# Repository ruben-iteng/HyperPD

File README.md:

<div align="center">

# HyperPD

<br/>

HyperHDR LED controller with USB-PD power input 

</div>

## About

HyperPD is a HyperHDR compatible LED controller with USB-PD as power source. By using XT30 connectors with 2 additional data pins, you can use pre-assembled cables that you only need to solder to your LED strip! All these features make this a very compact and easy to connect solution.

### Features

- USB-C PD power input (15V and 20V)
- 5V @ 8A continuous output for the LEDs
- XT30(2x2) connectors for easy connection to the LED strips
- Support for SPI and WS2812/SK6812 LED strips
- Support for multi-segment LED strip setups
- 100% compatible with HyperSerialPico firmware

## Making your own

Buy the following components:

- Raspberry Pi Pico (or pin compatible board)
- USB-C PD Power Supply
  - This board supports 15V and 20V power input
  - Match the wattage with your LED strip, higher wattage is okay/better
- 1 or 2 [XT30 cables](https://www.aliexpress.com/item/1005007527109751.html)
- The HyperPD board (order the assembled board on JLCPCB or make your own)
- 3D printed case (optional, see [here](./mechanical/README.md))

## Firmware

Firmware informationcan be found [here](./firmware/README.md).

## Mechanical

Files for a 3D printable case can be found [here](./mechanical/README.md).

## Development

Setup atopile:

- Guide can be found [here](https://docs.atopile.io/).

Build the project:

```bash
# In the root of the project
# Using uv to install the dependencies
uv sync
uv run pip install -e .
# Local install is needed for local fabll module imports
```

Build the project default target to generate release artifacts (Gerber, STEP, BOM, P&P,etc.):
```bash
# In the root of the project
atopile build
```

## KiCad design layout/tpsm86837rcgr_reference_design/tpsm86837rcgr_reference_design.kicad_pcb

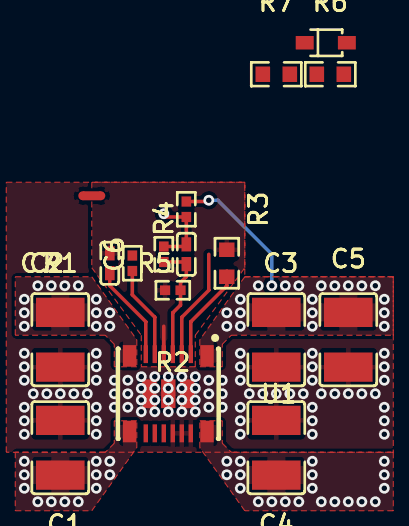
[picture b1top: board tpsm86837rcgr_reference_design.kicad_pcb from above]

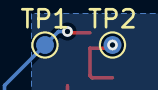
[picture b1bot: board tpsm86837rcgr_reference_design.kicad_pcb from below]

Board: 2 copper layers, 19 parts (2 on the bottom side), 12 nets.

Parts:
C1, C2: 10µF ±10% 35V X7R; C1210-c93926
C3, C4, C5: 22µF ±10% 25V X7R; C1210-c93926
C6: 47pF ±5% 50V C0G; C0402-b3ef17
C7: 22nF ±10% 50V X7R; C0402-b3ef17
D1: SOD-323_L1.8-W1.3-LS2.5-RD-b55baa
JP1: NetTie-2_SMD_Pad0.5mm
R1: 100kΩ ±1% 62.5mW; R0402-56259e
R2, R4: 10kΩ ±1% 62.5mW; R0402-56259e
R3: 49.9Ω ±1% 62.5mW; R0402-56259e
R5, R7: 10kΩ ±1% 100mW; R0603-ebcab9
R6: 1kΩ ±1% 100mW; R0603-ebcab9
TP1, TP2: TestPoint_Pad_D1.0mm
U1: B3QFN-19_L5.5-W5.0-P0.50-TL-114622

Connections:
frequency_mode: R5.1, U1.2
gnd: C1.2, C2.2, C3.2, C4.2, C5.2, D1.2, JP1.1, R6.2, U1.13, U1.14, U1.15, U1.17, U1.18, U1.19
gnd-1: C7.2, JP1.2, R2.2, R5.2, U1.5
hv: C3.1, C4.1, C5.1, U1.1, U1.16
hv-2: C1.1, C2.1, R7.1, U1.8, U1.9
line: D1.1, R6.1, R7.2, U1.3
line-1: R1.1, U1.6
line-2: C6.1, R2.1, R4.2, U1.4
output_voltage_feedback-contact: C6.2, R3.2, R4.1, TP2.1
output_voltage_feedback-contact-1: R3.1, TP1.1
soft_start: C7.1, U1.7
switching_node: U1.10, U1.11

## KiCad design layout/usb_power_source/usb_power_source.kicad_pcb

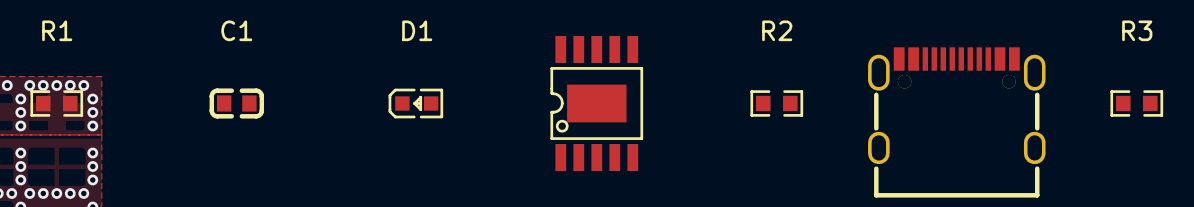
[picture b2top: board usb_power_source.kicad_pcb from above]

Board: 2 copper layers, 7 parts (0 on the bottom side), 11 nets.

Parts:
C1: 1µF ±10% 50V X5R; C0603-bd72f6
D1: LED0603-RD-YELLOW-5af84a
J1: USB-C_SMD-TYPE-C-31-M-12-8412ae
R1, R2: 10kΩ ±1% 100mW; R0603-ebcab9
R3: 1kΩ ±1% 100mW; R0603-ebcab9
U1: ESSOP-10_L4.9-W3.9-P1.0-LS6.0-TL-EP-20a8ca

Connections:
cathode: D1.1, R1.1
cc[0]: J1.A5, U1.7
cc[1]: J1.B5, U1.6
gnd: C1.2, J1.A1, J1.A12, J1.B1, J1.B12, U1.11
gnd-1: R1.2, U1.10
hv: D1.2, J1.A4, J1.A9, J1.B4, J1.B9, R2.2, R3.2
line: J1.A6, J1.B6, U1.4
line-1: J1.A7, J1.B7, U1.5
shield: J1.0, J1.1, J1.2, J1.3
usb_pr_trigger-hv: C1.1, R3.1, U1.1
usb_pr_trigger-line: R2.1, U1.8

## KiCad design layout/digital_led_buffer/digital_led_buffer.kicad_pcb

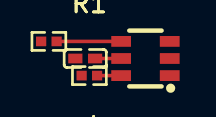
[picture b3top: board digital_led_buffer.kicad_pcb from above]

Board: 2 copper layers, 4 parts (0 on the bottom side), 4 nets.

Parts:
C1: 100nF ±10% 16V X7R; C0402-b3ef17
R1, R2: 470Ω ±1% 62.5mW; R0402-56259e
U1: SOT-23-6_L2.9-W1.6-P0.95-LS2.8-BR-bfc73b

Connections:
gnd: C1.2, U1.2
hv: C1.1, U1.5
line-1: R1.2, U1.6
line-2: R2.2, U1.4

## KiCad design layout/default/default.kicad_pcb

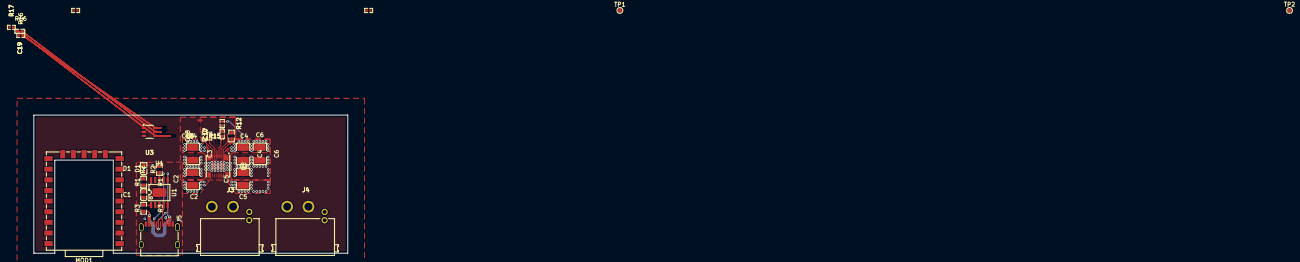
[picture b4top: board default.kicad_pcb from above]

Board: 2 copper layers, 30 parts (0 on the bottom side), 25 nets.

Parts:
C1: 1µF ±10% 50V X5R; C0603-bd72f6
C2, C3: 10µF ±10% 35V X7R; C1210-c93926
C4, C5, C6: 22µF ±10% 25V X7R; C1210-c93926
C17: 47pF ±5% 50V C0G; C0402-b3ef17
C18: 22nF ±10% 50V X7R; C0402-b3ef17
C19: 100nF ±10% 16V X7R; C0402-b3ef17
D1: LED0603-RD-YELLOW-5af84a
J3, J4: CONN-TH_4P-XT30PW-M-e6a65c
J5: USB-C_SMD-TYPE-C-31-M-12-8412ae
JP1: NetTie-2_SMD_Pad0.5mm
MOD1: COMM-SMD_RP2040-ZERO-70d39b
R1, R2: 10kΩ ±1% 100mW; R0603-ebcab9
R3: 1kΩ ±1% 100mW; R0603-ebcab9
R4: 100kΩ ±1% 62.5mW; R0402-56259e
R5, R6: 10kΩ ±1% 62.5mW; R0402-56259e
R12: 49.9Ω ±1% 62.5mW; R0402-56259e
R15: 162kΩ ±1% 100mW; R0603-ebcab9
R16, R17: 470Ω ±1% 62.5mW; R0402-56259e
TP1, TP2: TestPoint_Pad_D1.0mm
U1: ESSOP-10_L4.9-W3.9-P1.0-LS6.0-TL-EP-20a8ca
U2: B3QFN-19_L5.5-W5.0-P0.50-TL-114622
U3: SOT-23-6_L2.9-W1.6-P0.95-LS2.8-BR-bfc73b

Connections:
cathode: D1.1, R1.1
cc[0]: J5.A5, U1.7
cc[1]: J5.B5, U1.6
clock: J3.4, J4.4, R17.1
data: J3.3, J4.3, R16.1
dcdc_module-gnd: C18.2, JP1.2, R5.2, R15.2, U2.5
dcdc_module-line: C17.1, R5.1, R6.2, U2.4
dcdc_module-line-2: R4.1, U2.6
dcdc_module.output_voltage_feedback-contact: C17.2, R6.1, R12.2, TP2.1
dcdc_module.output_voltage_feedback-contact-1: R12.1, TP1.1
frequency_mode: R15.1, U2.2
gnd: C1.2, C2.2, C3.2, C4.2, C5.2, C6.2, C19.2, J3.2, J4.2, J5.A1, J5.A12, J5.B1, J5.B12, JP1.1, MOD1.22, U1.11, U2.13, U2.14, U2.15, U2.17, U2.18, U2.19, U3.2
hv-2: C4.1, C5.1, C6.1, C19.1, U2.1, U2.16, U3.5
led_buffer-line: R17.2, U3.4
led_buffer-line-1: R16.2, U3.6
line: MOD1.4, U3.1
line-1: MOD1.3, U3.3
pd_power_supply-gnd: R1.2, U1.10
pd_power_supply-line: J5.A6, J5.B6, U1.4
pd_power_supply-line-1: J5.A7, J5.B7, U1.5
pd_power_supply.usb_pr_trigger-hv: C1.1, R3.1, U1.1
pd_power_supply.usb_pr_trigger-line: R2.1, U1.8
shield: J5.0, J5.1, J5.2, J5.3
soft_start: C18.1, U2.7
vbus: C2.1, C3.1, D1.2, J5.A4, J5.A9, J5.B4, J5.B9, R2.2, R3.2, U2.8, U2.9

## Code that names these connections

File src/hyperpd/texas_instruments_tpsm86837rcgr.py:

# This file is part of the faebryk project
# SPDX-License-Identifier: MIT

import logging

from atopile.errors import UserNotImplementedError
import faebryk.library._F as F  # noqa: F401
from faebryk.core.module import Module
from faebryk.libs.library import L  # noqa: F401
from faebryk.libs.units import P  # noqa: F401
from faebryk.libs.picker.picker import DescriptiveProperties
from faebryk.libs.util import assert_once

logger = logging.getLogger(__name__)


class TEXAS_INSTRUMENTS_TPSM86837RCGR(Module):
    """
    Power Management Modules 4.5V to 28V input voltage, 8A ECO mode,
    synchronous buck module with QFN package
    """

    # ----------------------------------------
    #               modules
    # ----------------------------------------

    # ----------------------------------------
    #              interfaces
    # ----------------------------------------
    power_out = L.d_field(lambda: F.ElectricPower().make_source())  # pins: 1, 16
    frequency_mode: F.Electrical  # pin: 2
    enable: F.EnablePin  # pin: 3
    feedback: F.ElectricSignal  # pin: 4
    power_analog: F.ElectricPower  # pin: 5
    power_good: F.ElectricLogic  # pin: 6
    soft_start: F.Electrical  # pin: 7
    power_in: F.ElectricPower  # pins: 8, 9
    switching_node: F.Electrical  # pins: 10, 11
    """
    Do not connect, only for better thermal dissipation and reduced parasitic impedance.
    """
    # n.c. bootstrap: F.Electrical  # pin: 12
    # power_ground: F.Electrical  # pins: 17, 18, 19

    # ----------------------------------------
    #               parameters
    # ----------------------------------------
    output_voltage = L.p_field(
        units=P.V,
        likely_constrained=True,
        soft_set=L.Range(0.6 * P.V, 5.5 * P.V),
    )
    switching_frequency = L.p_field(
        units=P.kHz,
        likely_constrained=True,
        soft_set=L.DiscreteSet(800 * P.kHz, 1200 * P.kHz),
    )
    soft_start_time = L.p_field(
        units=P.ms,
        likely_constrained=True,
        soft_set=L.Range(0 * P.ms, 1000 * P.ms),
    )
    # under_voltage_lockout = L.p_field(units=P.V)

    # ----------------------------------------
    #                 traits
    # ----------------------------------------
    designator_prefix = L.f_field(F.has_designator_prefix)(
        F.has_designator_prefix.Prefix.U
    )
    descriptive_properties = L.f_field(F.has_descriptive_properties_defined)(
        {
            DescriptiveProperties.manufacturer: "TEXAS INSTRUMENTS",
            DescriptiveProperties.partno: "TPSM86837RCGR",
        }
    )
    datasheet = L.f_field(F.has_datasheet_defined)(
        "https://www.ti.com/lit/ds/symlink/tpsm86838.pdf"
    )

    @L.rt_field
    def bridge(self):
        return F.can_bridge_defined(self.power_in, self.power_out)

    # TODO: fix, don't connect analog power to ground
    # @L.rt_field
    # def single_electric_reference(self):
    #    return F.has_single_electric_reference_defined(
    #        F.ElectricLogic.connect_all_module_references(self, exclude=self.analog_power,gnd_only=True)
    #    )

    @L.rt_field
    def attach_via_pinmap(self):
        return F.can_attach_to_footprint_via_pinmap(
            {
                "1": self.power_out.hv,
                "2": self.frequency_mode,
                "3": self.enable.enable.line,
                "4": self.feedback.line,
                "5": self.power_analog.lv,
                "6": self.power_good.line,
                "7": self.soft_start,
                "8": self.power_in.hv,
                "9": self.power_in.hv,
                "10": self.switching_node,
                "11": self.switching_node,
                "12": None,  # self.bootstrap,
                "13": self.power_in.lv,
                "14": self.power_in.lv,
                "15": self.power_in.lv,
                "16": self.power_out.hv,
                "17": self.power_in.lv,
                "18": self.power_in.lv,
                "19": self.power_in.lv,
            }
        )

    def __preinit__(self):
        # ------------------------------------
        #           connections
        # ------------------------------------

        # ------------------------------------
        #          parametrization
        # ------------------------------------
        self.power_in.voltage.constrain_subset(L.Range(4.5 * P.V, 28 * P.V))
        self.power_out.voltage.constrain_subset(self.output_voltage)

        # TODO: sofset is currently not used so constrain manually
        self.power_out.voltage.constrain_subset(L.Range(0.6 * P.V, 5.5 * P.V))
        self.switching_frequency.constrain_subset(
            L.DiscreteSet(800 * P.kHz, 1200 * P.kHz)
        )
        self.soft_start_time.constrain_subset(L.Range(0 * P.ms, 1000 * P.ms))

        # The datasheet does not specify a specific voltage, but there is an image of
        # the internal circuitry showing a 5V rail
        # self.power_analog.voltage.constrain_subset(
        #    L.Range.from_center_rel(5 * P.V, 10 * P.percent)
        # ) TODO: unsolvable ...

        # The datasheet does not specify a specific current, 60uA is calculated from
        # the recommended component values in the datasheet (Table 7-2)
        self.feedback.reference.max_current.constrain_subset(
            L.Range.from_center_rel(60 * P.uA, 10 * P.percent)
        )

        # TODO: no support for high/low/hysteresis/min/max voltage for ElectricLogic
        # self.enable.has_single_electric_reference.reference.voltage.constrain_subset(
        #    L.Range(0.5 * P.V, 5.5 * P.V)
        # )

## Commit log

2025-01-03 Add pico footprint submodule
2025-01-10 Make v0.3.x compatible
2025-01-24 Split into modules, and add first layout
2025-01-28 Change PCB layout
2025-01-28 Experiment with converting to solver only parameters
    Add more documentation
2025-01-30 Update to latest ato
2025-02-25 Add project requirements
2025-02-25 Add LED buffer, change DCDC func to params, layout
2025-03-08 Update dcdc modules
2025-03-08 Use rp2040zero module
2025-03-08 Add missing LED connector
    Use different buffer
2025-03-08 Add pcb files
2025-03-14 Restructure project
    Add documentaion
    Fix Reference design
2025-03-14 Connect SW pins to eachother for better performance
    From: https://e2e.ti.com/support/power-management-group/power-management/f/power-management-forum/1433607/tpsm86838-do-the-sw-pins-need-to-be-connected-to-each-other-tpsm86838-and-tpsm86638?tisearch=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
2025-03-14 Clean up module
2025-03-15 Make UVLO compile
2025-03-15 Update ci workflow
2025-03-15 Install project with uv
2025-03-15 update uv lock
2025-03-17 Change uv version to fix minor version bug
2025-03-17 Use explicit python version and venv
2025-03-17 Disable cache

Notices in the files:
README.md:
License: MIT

**REQUIRED WORK**
Output exactly the lines of the material above from the one containing "C4, C5, C6: 22µF ±10% 25V X7R; C1210-c93926" up to and including the one containing "R15: 162kΩ ±1% 100mW; R0603-ebcab9".

**SOLVED PROBLEM**
C4, C5, C6: 22µF ±10% 25V X7R; C1210-c93926
C17: 47pF ±5% 50V C0G; C0402-b3ef17
C18: 22nF ±10% 50V X7R; C0402-b3ef17
C19: 100nF ±10% 16V X7R; C0402-b3ef17
D1: LED0603-RD-YELLOW-5af84a
J3, J4: CONN-TH_4P-XT30PW-M-e6a65c
J5: USB-C_SMD-TYPE-C-31-M-12-8412ae
JP1: NetTie-2_SMD_Pad0.5mm
MOD1: COMM-SMD_RP2040-ZERO-70d39b
R1, R2: 10kΩ ±1% 100mW; R0603-ebcab9
R3: 1kΩ ±1% 100mW; R0603-ebcab9
R4: 100kΩ ±1% 62.5mW; R0402-56259e
R5, R6: 10kΩ ±1% 62.5mW; R0402-56259e
R12: 49.9Ω ±1% 62.5mW; R0402-56259e
R15: 162kΩ ±1% 100mW; R0603-ebcab9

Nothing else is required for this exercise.